Background
Ixekizumab is an interleukin‐17A antagonist approved for treatment of moderate‐to‐severe plaque psoriasis with a recommended 160‐mg starting dose, then 80 mg every 2 weeks (Q2W) to week 12, and every 4 weeks (Q4W) thereafter.
Objective
To evaluate continuous Q2W dosing over 52 weeks.
Methods
In this phase III, multicentre, double‐blinded, parallel‐group trial, three ixekizumab dosing regimens were assessed for efficacy and safety at week 52 in patients with moderate‐to‐severe plaque psoriasis randomized at a 2 : 1 : 1 ratio to continuous Q2W (n = 611), continuous Q4W (n = 310) or dose adjustment per protocol (Q4W/Q2W, n = 306), each with a 160‐mg starting dose. Dose adjustment was determined by predefined criteria to which investigators were blinded; 72 (23?5%) patients in the Q4W/Q2W group adjusted dose.
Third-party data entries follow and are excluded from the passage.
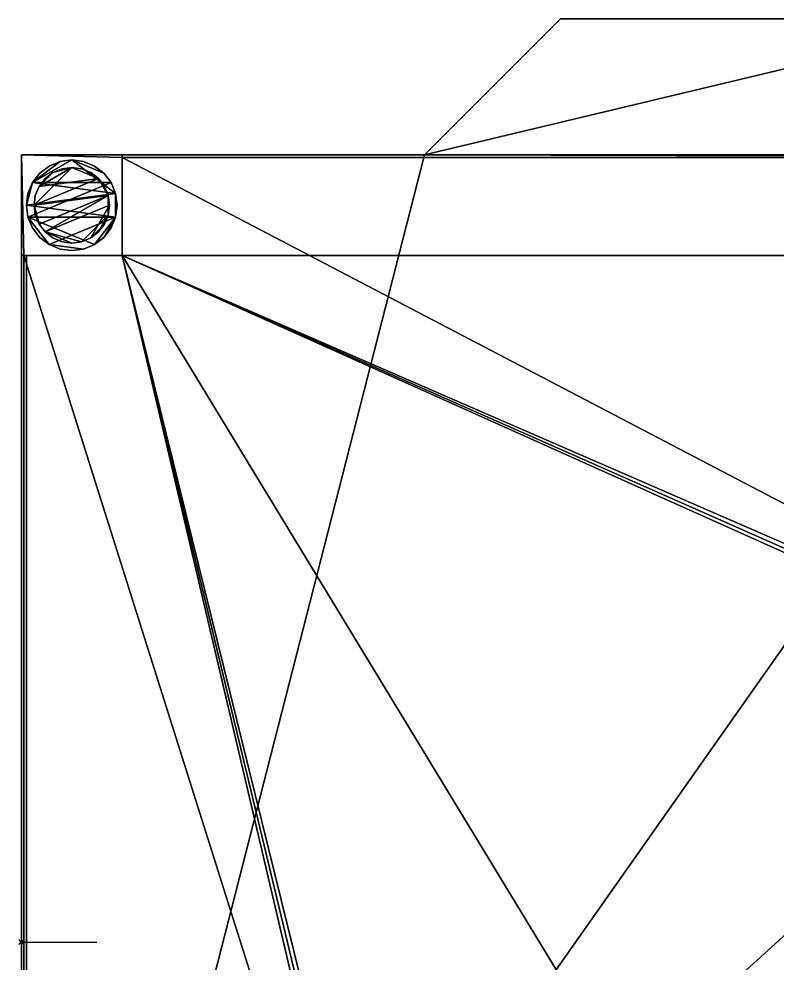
# Model space of a CAD drawing. Header units: millimetres. Extents: x -1 to 1080, y -1245 to 0.
# Drawn here: x -1 to 300, y -374.9 to 0 of the extents above; entities that cross this region are included whole.
import ezdxf

# ---------------------------------------------------------------- set-up
doc = ezdxf.new("R2010")
doc.units = ezdxf.units.MM
doc.header["$PDMODE"] = 35
for name, color, linetype in [('IQ_200_2D', 1, 'Continuous'), ('IQ_200_3D', 1, 'Continuous'), ('IQ_204_2D', 7, 'Continuous')]:
    doc.layers.add(name, color=color, linetype=linetype)
doc.layers.add('IQ_CURTAIN_3D', color=7, linetype='Continuous', transparency=0.9)
doc.layers.add('IQ_INS_3D', color=3, linetype='Continuous', lineweight=25, plot=False)

msp = doc.modelspace()

# ---------------------------------------------------------------- linework, layer by layer
at = {"layer": 'IQ_200_2D', "linetype": 'Continuous'}
for p, q in [((160, -54), (214, 0)), ((214, 0), (386, 0)), ((0, -54), (600, -54)), ((0, -54), (0, -679))]:
    msp.add_line(p, q, dxfattribs=at)
at = {"layer": 'IQ_204_2D'}
msp.add_line((0, -366.5), (30, -366.5), dxfattribs=at)
at = {"layer": 'IQ_CURTAIN_3D'}
for p, q in [((0, -125.25, 898.97), (0, -125.25, 1369.03)), ((0, -170.25, 898.97), (0, -170.25, 1369.03)), ((0, -232.75, 898.97), (0, -232.75, 1369.03)), ((0, -295.25, 898.97), (0, -295.25, 1369.03)), ((0, -357.75, 898.97), (0, -357.75, 1369.03))]:
    msp.add_line(p, q, dxfattribs=at)
at = {"layer": 'IQ_INS_3D'}
msp.add_point((0, -366.5), dxfattribs=at)

# ---------------------------------------------------------------- meshes
at = {"layer": 'IQ_200_3D'}
mesh = msp.add_polyface(dxfattribs=at)
corners = [(0, -54, 1450), (0, -679, 1450), (600, -679, 1450), (600, -54, 1450), (440, -54, 1450), (386, 0, 1450), (214, 0, 1450), (160, -54, 1450)]
mesh.append_faces([[corners[k] for k in face] for face in [(4, 1, 2, 3), (1, 7, 0), (7, 5, 6)]], dxfattribs={"vtx0": -1})
mesh.append_faces([[corners[k] for k in face] for face in [(4, 5, 7, 1)]], dxfattribs={"vtx1": -1, "vtx2": -1, "vtx3": -1})
mesh = msp.add_polyface(dxfattribs=at)
corners = [(600, -54, 725), (600, -679, 725), (560, -679, 725), (560, -725, 725), (40, -725, 725), (40, -679, 725), (0, -679, 725), (0, -54, 725), (160, -54, 725), (214, 0, 725), (386, 0, 725), (440, -54, 725), (1, -639, 725), (40, -639, 725), (40, -678, 725), (560, -678, 725), (560, -639, 725), (599, -639, 725), (599, -94, 725), (560, -94, 725), (560, -55, 725), (40, -55, 725), (40, -94, 725), (1, -94, 725)]
mesh.append_faces([[corners[k] for k in face] for face in [(11, 8, 9, 10)]], dxfattribs={"vtx0": -1})
mesh.append_faces([[corners[k] for k in face] for face in [(23, 7, 21, 22), (20, 0, 18, 19)]], dxfattribs={"vtx0": -1, "vtx1": -1})
mesh.append_faces([[corners[k] for k in face] for face in [(6, 12, 14, 5)]], dxfattribs={"vtx0": -1, "vtx1": -1, "vtx2": -1})
mesh.append_faces([[corners[k] for k in face] for face in [(20, 8, 11, 0)]], dxfattribs={"vtx0": -1, "vtx1": -1, "vtx3": -1})
mesh.append_faces([[corners[k] for k in face] for face in [(7, 23, 12, 6), (8, 20, 21, 7)]], dxfattribs={"vtx0": -1, "vtx2": -1})
mesh.append_faces([[corners[k] for k in face] for face in [(2, 4, 5, 15)]], dxfattribs={"vtx0": -1, "vtx2": -1, "vtx3": -1})
mesh.append_faces([[corners[k] for k in face] for face in [(13, 14, 12)]], dxfattribs={"vtx1": -1})
mesh.append_faces([[corners[k] for k in face] for face in [(14, 15, 5)]], dxfattribs={"vtx1": -1, "vtx2": -1})
mesh.append_faces([[corners[k] for k in face] for face in [(1, 2, 15, 17)]], dxfattribs={"vtx1": -1, "vtx2": -1, "vtx3": -1})
mesh.append_faces([[corners[k] for k in face] for face in [(17, 18, 0, 1)]], dxfattribs={"vtx1": -1, "vtx3": -1})
mesh.append_faces([[corners[k] for k in face] for face in [(15, 16, 17), (2, 3, 4)]], dxfattribs={"vtx2": -1})
mesh = msp.add_polyface(dxfattribs=at)
corners = [(214, 0, 1450), (214, 0, 725), (160, -54, 725), (160, -54, 1450)]
mesh.append_faces([[corners[k] for k in face] for face in [(0, 1, 2, 3)]])
mesh = msp.add_polyface(dxfattribs=at)
corners = [(386, 0, 1450), (386, 0, 725), (214, 0, 725), (214, 0, 1450)]
mesh.append_faces([[corners[k] for k in face] for face in [(0, 1, 2, 3)]])
mesh = msp.add_polyface(dxfattribs=at)
corners = [(600, -54, 1450), (600, -54, 725), (440, -54, 725), (440, -54, 1450), (0, -54, 725), (0, -54, 1450), (160, -54, 1450), (160, -54, 725)]
mesh.append_faces([[corners[k] for k in face] for face in [(2, 3, 0, 1), (4, 5, 6, 7)]])
mesh = msp.add_polyface(dxfattribs=at)
corners = [(0, -54, 725), (0, -94, 725), (40, -94, 725), (40, -54, 725)]
mesh.append_faces([[corners[k] for k in face] for face in [(0, 1, 2, 3)]])
mesh = msp.add_polyface(dxfattribs=at)
corners = [(40, -94, 75), (0, -94, 75), (0, -54, 75), (40, -54, 75)]
mesh.append_faces([[corners[k] for k in face] for face in [(0, 1, 2, 3)]])
mesh = msp.add_polyface(dxfattribs=at)
corners = [(40, -54, 725), (40, -54, 75), (0, -54, 75), (0, -54, 725)]
mesh.append_faces([[corners[k] for k in face] for face in [(0, 1, 2, 3)]])
mesh = msp.add_polyface(dxfattribs=at)
corners = [(0, -54, 725), (0, -54, 75), (0, -94, 75), (0, -94, 725)]
mesh.append_faces([[corners[k] for k in face] for face in [(0, 1, 2, 3)]])
mesh = msp.add_polyface(dxfattribs=at)
corners = [(0, -54, 1450), (0, -679, 1450), (0, -679, 725), (0, -54, 725), (0, -639, 850), (0, -639, 1370), (0, -94, 1370), (0, -94, 850)]
mesh.append_faces([[corners[k] for k in face] for face in [(0, 6, 5, 1), (3, 7, 6, 0)]], dxfattribs={"vtx0": -1, "vtx2": -1})
mesh.append_faces([[corners[k] for k in face] for face in [(2, 1, 5, 4), (3, 2, 4, 7)]], dxfattribs={"vtx1": -1, "vtx3": -1})
mesh = msp.add_polyface(dxfattribs=at)
corners = [(1, -639, 201.37), (1, -94, 201.37), (40, -94, 201.37), (40, -55, 201.37), (560, -55, 201.37), (560, -94, 201.37), (599, -94, 201.37), (599, -639, 201.37), (560, -639, 201.37), (560, -678, 201.37), (40, -678, 201.37), (40, -639, 201.37), (141, -553.9, 201.37), (141.34, -556.49, 201.37), (142.34, -558.9, 201.37), (143.93, -560.97, 201.37), (146, -562.56, 201.37), (148.41, -563.56, 201.37), (151, -563.9, 201.37), (153.59, -563.56, 201.37), (156, -562.56, 201.37), (158.07, -560.97, 201.37), (159.66, -558.9, 201.37), (160.66, -556.49, 201.37), (161, -553.9, 201.37), (160.66, -551.31, 201.37), (159.66, -548.9, 201.37), (158.07, -546.83, 201.37), (156, -545.24, 201.37), (153.59, -544.24, 201.37), (151, -543.9, 201.37), (148.41, -544.24, 201.37), (146, -545.24, 201.37), (143.93, -546.83, 201.37), (142.34, -548.9, 201.37), (141.34, -551.31, 201.37), (201, -553.9, 201.37), (201.34, -556.49, 201.37), (202.34, -558.9, 201.37), (203.93, -560.97, 201.37), (206, -562.56, 201.37), (208.41, -563.56, 201.37), (211, -563.9, 201.37), (213.59, -563.56, 201.37), (216, -562.56, 201.37), (218.07, -560.97, 201.37), (219.66, -558.9, 201.37), (220.66, -556.49, 201.37), (221, -553.9, 201.37), (220.66, -551.31, 201.37), (219.66, -548.9, 201.37), (218.07, -546.83, 201.37), (216, -545.24, 201.37), (213.59, -544.24, 201.37), (211, -543.9, 201.37), (208.41, -544.24, 201.37), (206, -545.24, 201.37), (203.93, -546.83, 201.37), (202.34, -548.9, 201.37), (201.34, -551.31, 201.37), (291, -523.9, 201.37), (291.34, -526.49, 201.37), (292.34, -528.9, 201.37), (293.93, -530.97, 201.37), (296, -532.56, 201.37), (298.41, -533.56, 201.37), (301, -533.9, 201.37), (303.59, -533.56, 201.37), (306, -532.56, 201.37), (308.07, -530.97, 201.37), (309.66, -528.9, 201.37), (310.66, -526.49, 201.37), (311, -523.9, 201.37), (310.66, -521.31, 201.37), (309.66, -518.9, 201.37), (308.07, -516.83, 201.37), (306, -515.24, 201.37), (303.59, -514.24, 201.37), (301, -513.9, 201.37), (298.41, -514.24, 201.37), (296, -515.24, 201.37), (293.93, -516.83, 201.37), (292.34, -518.9, 201.37), (291.34, -521.31, 201.37), (447.9, -277, 201.37), (448.24, -279.59, 201.37), (449.24, -282, 201.37), (450.83, -284.07, 201.37), (452.9, -285.66, 201.37), (455.31, -286.66, 201.37), (457.9, -287, 201.37), (460.49, -286.66, 201.37), (462.9, -285.66, 201.37), (464.97, -284.07, 201.37), (466.56, -282, 201.37), (467.56, -279.59, 201.37), (467.9, -277, 201.37), (467.56, -274.41, 201.37), (466.56, -272, 201.37), (464.97, -269.93, 201.37), (462.9, -268.34, 201.37), (460.49, -267.34, 201.37), (457.9, -267, 201.37), (455.31, -267.34, 201.37), (452.9, -268.34, 201.37), (450.83, -269.93, 201.37), (449.24, -272, 201.37), (448.24, -274.41, 201.37)]
mesh.append_faces([[corners[k] for k in face] for face in [(70, 8, 69), (71, 8, 70), (62, 49, 61), (102, 5, 101), (95, 7, 94), (85, 79, 84), (92, 8, 91), (21, 40, 20), (14, 11, 13), (58, 27, 57), (35, 0, 34)]], dxfattribs={"vtx0": -1, "vtx1": -1})
mesh.append_faces([[corners[k] for k in face] for face in [(80, 2, 84, 79)]], dxfattribs={"vtx0": -1, "vtx1": -1, "vtx2": -1})
mesh.append_faces([[corners[k] for k in face] for face in [(80, 54, 30, 2)]], dxfattribs={"vtx0": -1, "vtx1": -1, "vtx2": -1, "vtx3": -1})
mesh.append_faces([[corners[k] for k in face] for face in [(50, 60, 61, 49), (52, 82, 83, 51), (54, 80, 81, 53), (51, 83, 60, 50), (104, 4, 5, 103), (6, 97, 98), (2, 107, 84), (53, 81, 82, 52), (20, 40, 41, 19), (11, 16, 17, 10), (28, 56, 57, 27), (29, 55, 56, 28), (2, 30, 31)]], dxfattribs={"vtx0": -1, "vtx2": -1})
mesh.append_faces([[corners[k] for k in face] for face in [(44, 66, 67, 9), (8, 72, 73, 91)]], dxfattribs={"vtx0": -1, "vtx2": -1, "vtx3": -1})
mesh.append_faces([[corners[k] for k in face] for face in [(67, 68, 9), (71, 72, 8), (96, 97, 6), (93, 94, 7), (100, 101, 5), (99, 100, 5), (102, 103, 5), (106, 107, 2), (42, 43, 10), (44, 45, 66), (18, 19, 10), (17, 18, 10), (15, 16, 11), (14, 15, 11), (12, 13, 11), (31, 32, 2)]], dxfattribs={"vtx1": -1, "vtx2": -1})
mesh.append_faces([[corners[k] for k in face] for face in [(41, 42, 10, 19)]], dxfattribs={"vtx1": -1, "vtx2": -1, "vtx3": -1})
mesh.append_faces([[corners[k] for k in face] for face in [(8, 9, 68, 69), (7, 8, 92, 93), (74, 75, 89, 90), (73, 74, 90, 91), (75, 76, 88, 89), (65, 66, 45, 46), (64, 65, 46, 47), (62, 63, 48, 49), (63, 64, 47, 48), (78, 79, 85, 86), (77, 78, 86, 87), (76, 77, 87, 88), (95, 96, 6, 7), (5, 6, 98, 99), (104, 105, 3, 4), (105, 106, 2, 3), (43, 44, 9, 10), (39, 40, 21, 22), (38, 39, 22, 23), (37, 38, 23, 24), (36, 37, 24, 25), (35, 12, 11, 0), (59, 36, 25, 26), (58, 59, 26, 27), (54, 55, 29, 30), (32, 33, 1, 2), (33, 34, 0, 1)]], dxfattribs={"vtx1": -1, "vtx3": -1})
mesh = msp.add_polyface(dxfattribs=at)
corners = [(2, -74, 5), (2.61, -78.66, 5), (4.41, -83, 5), (7.27, -86.73, 5), (11, -89.59, 5), (15.34, -91.39, 5), (20, -92, 5), (24.66, -91.39, 5), (29, -89.59, 5), (32.73, -86.73, 5), (35.59, -83, 5), (37.39, -78.66, 5), (38, -74, 5), (37.39, -69.34, 5), (35.59, -65, 5), (32.73, -61.27, 5), (29, -58.41, 5), (24.66, -56.61, 5), (20, -56, 5), (15.34, -56.61, 5), (11, -58.41, 5), (7.27, -61.27, 5), (4.41, -65, 5), (2.61, -69.34, 5)]
mesh.append_faces([[corners[k] for k in face] for face in [(11, 8, 9, 10)]], dxfattribs={"vtx0": -1})
mesh.append_faces([[corners[k] for k in face] for face in [(4, 7, 8, 11), (11, 0, 1, 4), (13, 18, 19, 22)]], dxfattribs={"vtx0": -1, "vtx2": -1, "vtx3": -1})
mesh.append_faces([[corners[k] for k in face] for face in [(0, 11, 12, 13)]], dxfattribs={"vtx0": -1, "vtx3": -1})
mesh.append_faces([[corners[k] for k in face] for face in [(2, 3, 4, 1), (16, 17, 18, 15)]], dxfattribs={"vtx2": -1})
mesh.append_faces([[corners[k] for k in face] for face in [(13, 14, 15, 18), (22, 23, 0, 13)]], dxfattribs={"vtx2": -1, "vtx3": -1})
mesh.append_faces([[corners[k] for k in face] for face in [(4, 5, 6, 7), (19, 20, 21, 22)]], dxfattribs={"vtx3": -1})
mesh = msp.add_polyface(dxfattribs=at)
corners = [(2, -74), (2.61, -69.34), (4.41, -65), (7.27, -61.27), (11, -58.41), (15.34, -56.61), (20, -56), (24.66, -56.61), (29, -58.41), (32.73, -61.27), (35.59, -65), (37.39, -69.34), (38, -74), (37.39, -78.66), (35.59, -83), (32.73, -86.73), (29, -89.59), (24.66, -91.39), (20, -92), (15.34, -91.39), (11, -89.59), (7.27, -86.73), (4.41, -83), (2.61, -78.66)]
mesh.append_faces([[corners[k] for k in face] for face in [(2, 0, 1), (15, 13, 14), (13, 11, 12)]], dxfattribs={"vtx0": -1})
mesh.append_faces([[corners[k] for k in face] for face in [(16, 23, 13, 15)]], dxfattribs={"vtx0": -1, "vtx1": -1, "vtx2": -1})
mesh.append_faces([[corners[k] for k in face] for face in [(2, 10, 23, 0)]], dxfattribs={"vtx0": -1, "vtx1": -1, "vtx3": -1})
mesh.append_faces([[corners[k] for k in face] for face in [(2, 5, 6)]], dxfattribs={"vtx0": -1, "vtx2": -1})
mesh.append_faces([[corners[k] for k in face] for face in [(23, 10, 11, 13), (23, 16, 17, 20)]], dxfattribs={"vtx0": -1, "vtx2": -1, "vtx3": -1})
mesh.append_faces([[corners[k] for k in face] for face in [(9, 10, 2, 6)]], dxfattribs={"vtx1": -1, "vtx2": -1, "vtx3": -1})
mesh.append_faces([[corners[k] for k in face] for face in [(3, 4, 5, 2), (18, 19, 20, 17)]], dxfattribs={"vtx2": -1})
mesh.append_faces([[corners[k] for k in face] for face in [(6, 7, 8, 9), (20, 21, 22, 23)]], dxfattribs={"vtx3": -1})
mesh = msp.add_polyface(dxfattribs=at)
corners = [(2, -74, 5), (2.61, -69.34, 5), (4.41, -65, 5), (7.27, -61.27, 5), (11, -58.41, 5), (15.34, -56.61, 5), (20, -56, 5), (24.66, -56.61, 5), (29, -58.41, 5), (32.73, -61.27, 5), (35.59, -65, 5), (37.39, -69.34, 5), (38, -74, 5), (38, -74), (37.39, -69.34), (35.59, -65), (32.73, -61.27), (29, -58.41), (24.66, -56.61), (20, -56), (15.34, -56.61), (11, -58.41), (7.27, -61.27), (4.41, -65), (2.61, -69.34), (2, -74)]
mesh.append_faces([[corners[k] for k in face] for face in [(13, 14, 11, 12), (0, 1, 24, 25)]], dxfattribs={"vtx1": -1})
mesh.append_faces([[corners[k] for k in face] for face in [(14, 15, 10, 11), (16, 17, 8, 9), (15, 16, 9, 10), (17, 18, 7, 8), (6, 7, 18, 19), (19, 20, 5, 6), (20, 21, 4, 5), (22, 23, 2, 3), (21, 22, 3, 4), (23, 24, 1, 2)]], dxfattribs={"vtx1": -1, "vtx3": -1})
mesh = msp.add_polyface(dxfattribs=at)
corners = [(40, -94, 725), (40, -94, 75), (40, -54, 75), (40, -54, 725)]
mesh.append_faces([[corners[k] for k in face] for face in [(0, 1, 2, 3)]])
mesh = msp.add_polyface(dxfattribs=at)
corners = [(40, -55, 201.37), (40, -55, 725), (560, -55, 725), (560, -55, 201.37)]
mesh.append_faces([[corners[k] for k in face] for face in [(0, 1, 2, 3)]])
mesh = msp.add_polyface(dxfattribs=at)
corners = [(40, -94, 201.37), (40, -94, 725), (40, -55, 725), (40, -55, 201.37)]
mesh.append_faces([[corners[k] for k in face] for face in [(0, 1, 2, 3)]])
mesh = msp.add_polyface(dxfattribs=at)
corners = [(5, -74, 75), (5.51, -77.88, 75), (7.01, -81.5, 75), (9.39, -84.61, 75), (12.5, -86.99, 75), (16.12, -88.49, 75), (20, -89, 75), (23.88, -88.49, 75), (27.5, -86.99, 75), (30.61, -84.61, 75), (32.99, -81.5, 75), (34.49, -77.88, 75), (35, -74, 75), (34.49, -70.12, 75), (32.99, -66.5, 75), (30.61, -63.39, 75), (27.5, -61.01, 75), (23.88, -59.51, 75), (20, -59, 75), (16.12, -59.51, 75), (12.5, -61.01, 75), (9.39, -63.39, 75), (7.01, -66.5, 75), (5.51, -70.12, 75)]
mesh.append_faces([[corners[k] for k in face] for face in [(10, 8, 9), (22, 20, 21)]], dxfattribs={"vtx0": -1})
mesh.append_faces([[corners[k] for k in face] for face in [(7, 3, 6)]], dxfattribs={"vtx0": -1, "vtx1": -1})
mesh.append_faces([[corners[k] for k in face] for face in [(22, 15, 18, 20)]], dxfattribs={"vtx0": -1, "vtx1": -1, "vtx2": -1, "vtx3": -1})
mesh.append_faces([[corners[k] for k in face] for face in [(13, 2, 3, 12)]], dxfattribs={"vtx0": -1, "vtx2": -1})
mesh.append_faces([[corners[k] for k in face] for face in [(3, 7, 8, 12)]], dxfattribs={"vtx0": -1, "vtx2": -1, "vtx3": -1})
mesh.append_faces([[corners[k] for k in face] for face in [(17, 18, 15, 16), (19, 20, 18)]], dxfattribs={"vtx1": -1})
mesh.append_faces([[corners[k] for k in face] for face in [(11, 12, 8, 10)]], dxfattribs={"vtx1": -1, "vtx2": -1})
mesh.append_faces([[corners[k] for k in face] for face in [(4, 5, 6, 3)]], dxfattribs={"vtx2": -1})
mesh.append_faces([[corners[k] for k in face] for face in [(0, 1, 2, 13), (13, 14, 15, 0), (22, 23, 0, 15)]], dxfattribs={"vtx2": -1, "vtx3": -1})
mesh = msp.add_polyface(dxfattribs=at)
corners = [(5, -74, 5), (5.51, -70.12, 5), (7.01, -66.5, 5), (9.39, -63.39, 5), (12.5, -61.01, 5), (16.12, -59.51, 5), (20, -59, 5), (23.88, -59.51, 5), (27.5, -61.01, 5), (30.61, -63.39, 5), (32.99, -66.5, 5), (34.49, -70.12, 5), (35, -74, 5), (34.49, -77.88, 5), (32.99, -81.5, 5), (30.61, -84.61, 5), (27.5, -86.99, 5), (23.88, -88.49, 5), (20, -89, 5), (16.12, -88.49, 5), (12.5, -86.99, 5), (9.39, -84.61, 5), (7.01, -81.5, 5), (5.51, -77.88, 5)]
mesh.append_faces([[corners[k] for k in face] for face in [(9, 6, 7, 8), (4, 2, 3), (15, 13, 14)]], dxfattribs={"vtx0": -1})
mesh.append_faces([[corners[k] for k in face] for face in [(18, 21, 17)]], dxfattribs={"vtx0": -1, "vtx1": -1})
mesh.append_faces([[corners[k] for k in face] for face in [(22, 0, 11, 21)]], dxfattribs={"vtx0": -1, "vtx1": -1, "vtx2": -1})
mesh.append_faces([[corners[k] for k in face] for face in [(0, 6, 9, 11), (21, 11, 13, 17)]], dxfattribs={"vtx0": -1, "vtx1": -1, "vtx2": -1, "vtx3": -1})
mesh.append_faces([[corners[k] for k in face] for face in [(23, 0, 22), (12, 13, 11)]], dxfattribs={"vtx1": -1})
mesh.append_faces([[corners[k] for k in face] for face in [(16, 17, 13, 15)]], dxfattribs={"vtx1": -1, "vtx2": -1})
mesh.append_faces([[corners[k] for k in face] for face in [(9, 10, 11)]], dxfattribs={"vtx2": -1})
mesh.append_faces([[corners[k] for k in face] for face in [(4, 5, 6, 2), (0, 1, 2, 6)]], dxfattribs={"vtx2": -1, "vtx3": -1})
mesh.append_faces([[corners[k] for k in face] for face in [(18, 19, 20, 21)]], dxfattribs={"vtx3": -1})
mesh = msp.add_polyface(dxfattribs=at)
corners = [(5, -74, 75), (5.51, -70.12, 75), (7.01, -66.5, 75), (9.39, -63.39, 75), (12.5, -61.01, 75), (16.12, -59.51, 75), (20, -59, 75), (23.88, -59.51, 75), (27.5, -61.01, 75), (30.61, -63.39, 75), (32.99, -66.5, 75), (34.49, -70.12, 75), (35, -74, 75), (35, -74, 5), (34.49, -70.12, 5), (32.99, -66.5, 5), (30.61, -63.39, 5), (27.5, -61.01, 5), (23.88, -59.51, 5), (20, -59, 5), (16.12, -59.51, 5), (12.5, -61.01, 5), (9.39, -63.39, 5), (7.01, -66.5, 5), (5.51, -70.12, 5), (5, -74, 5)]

Efficacy outcomes were evaluated using logistic regression.
Results
Co‐primary end points were met at week 52: Psoriasis Area and Severity Index 75 responses for Q2W and Q4W dose groups were 85·9% and 79·0%, respectively (P = 0·006), and static patient global assessment 0/1 responses for Q2W and Q4W dose groups were 78·6% and 70·6%, respectively (P = 0·005). Treatment‐emergent and serious adverse events were comparable across dose groups.
Conclusions
Ixekizumab Q2W had higher efficacy at week 52 than ixekizumab Q4W, with no increase in safety events.